В растерянности Геруте переспросила:
— С Вирсавией?
— Молоденькой бурой сапсанкой, которую я прислал тебе много лет назад. Ты забыла — так королевы привыкают к подаркам от почти незнакомых.
— Теперь почти, но незнакомый? Никогда. Я помню. Мы плохо сочетались, Вирсавия и я. Ее распечатанные глаза видели слишком уж много, и она все время «била» (это ведь так называют?), целясь во все блестящие предметы в моем покое, когда на них падали солнечные лучи. И она кидалась на звуки в стене, то ли мышей, то ли ласточек, гнездящихся в трубе, но слишком слабых для моих ушей. Мне не удавалось воззвать к ее разуму.
— С соколами это никому не дано, — сказал Фенгон мягким журчащим голосом, который, заметила она, приберегал для нее одной. С мужчинами и слугами он говорил громко и четко, даже властно. За прошедшие годы он прибавил в весе, его голос в громкости. — Разум над ними не властен. В этом они подобны нашим глубинным натурам, над которыми разум тщетно пытается поставить себя господином.
— Как я обнаружила, королеве в замке не так просто получать каждый день парное мясо. По ночам ее негромкие, но несмолкающие крики, плач по ее свободе, как я воображала, не давали мне спать.
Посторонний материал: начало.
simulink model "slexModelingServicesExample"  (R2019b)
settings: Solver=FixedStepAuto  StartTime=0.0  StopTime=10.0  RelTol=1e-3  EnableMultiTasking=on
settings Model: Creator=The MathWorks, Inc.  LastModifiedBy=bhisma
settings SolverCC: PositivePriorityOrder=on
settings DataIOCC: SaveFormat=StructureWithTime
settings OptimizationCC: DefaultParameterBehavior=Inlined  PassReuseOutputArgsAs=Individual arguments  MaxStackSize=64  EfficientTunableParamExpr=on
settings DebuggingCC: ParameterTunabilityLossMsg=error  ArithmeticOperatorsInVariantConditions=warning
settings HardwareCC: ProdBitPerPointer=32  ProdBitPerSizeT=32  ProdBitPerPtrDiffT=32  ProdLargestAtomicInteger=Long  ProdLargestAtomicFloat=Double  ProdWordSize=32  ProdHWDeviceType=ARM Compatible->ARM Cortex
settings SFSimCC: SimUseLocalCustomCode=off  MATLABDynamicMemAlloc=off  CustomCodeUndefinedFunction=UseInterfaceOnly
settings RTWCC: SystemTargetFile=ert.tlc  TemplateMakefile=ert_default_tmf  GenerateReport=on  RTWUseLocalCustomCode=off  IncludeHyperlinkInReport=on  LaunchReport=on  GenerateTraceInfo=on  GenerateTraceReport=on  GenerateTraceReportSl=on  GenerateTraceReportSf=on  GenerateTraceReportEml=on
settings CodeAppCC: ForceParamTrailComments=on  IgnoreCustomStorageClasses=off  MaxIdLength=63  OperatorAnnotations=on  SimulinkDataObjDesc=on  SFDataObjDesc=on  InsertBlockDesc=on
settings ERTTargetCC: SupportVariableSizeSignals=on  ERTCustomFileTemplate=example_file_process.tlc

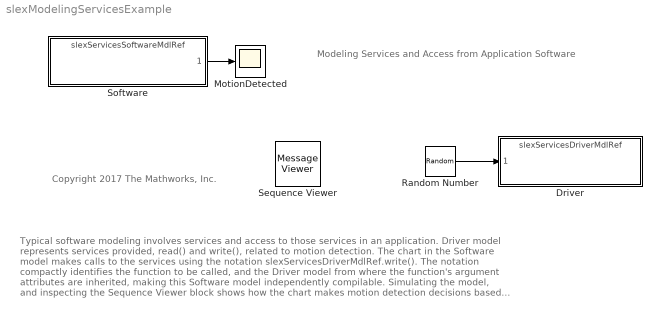
== system slexModelingServicesExample ==
  note: Modeling Services and Access from Application Software
  note: Copyright 2017 The Mathworks, Inc.
  note: Typical software modeling involves services and access to those services in an application. Driver model represents services provided, read() and write(), related to motion detection.
      |
      | The chart in the Software model makes calls to the services using the notation slexServicesDriverMdlRef.write(). The notation compactly identifies the function to be called, and the Driver model from where the function's argument attributes are inherited, making this Software model independently compilable.
      |
      | Simulating the model, and inspecting the Sequence Viewer block shows how the chart makes motion detection decisions based on the services.
  Driver : ModelReference  ModelNameDialog=slexServicesDriverMdlRef.slx  SimulationMode=Normal  ScheduleRates=on  ModelReferenceVersion=1.42
  MotionDetected : Scope
  Random Number : RandomNumber  SampleTime=0.1
  Sequence Viewer : MessageViewer
  Software : ModelReference  ModelNameDialog=slexServicesSoftwareMdlRef.slx  SimulationMode=Normal  ModelReferenceVersion=1.35
  wires:
  Random Number/1 -> Driver/1
  Software/1 -> MotionDetected/1

Старший сокольничий Горвендила забрал мою чахнущую от голода подопечную в королевскую соколятню, но там существовал давно установленный порядок, и другие хищные птицы, обломанные для службы людям, не пожелали принять нашу полудикую Вирсавию. Сокольничий опасался, что ее убьют, перервут ей горло или сломают хребет, в те необходимые часы, когда с птиц снимают колпачки, чтобы они могли размять крылья под высокими сводами соколятни. Думая, что Торд… его ведь так звали… возьмет ее назад, я поехала в Локисхейм с двумя стражами, но нашла там только того мальчика, бледного хромого мальчика…
— Льота, — подсказал Фенгон, его собольи глаза искрились, питаясь каждым ее движением, каждой интонацией, каждой черточкой ее лица, и Геруте, продолжая говорить, почувствовала, что ее язык и жесты замедляются, как музыкант замедляет темп, если слишком остро сознает, что его слушают. Под тяжелым сюрко на меху, зашнурованном спереди поверх голубой котарды из серебряной парчи, по ее коже побежали мурашки. Какая женщина — а уж тем более сорока семи лет от роду и более уже не худощавая — могла бы противостоять столь жадному интересу к себе? Она привыкла, что ею восхищаются, но не пожирают глазами, вот как сейчас.
— Маленький Льот, да-да, — согласилась Геруте, торопясь разделаться с этими неприятностями десятилетней давности, когда чуть-чуть зловещий подарок Фенгона впутал ее в своего рода секрет, хотя Горвендил был поставлен в известность о странном подарке его брата и презрительно засмеялся: «Если мужчине подарить прялку, — сказал он, — толку будет ровно столько же!»
Она продолжала, стараясь соответствовать осторожности в голосе мужчины, с которым разговаривала:
— Он сказал, что Торд заболел от старости и жестоких требований ухода за птицами, а твои, согласно твоему распоряжению перед отъездом, были уступлены продавцу этих ценных и опасных птиц в Недебо.
— Я не думал, что вернусь скоро, — объяснил ей Фенгон. — Я дал обет.
— Какой обет?
— Обет отречения.
— Отречения от чего, могу ли я спросить?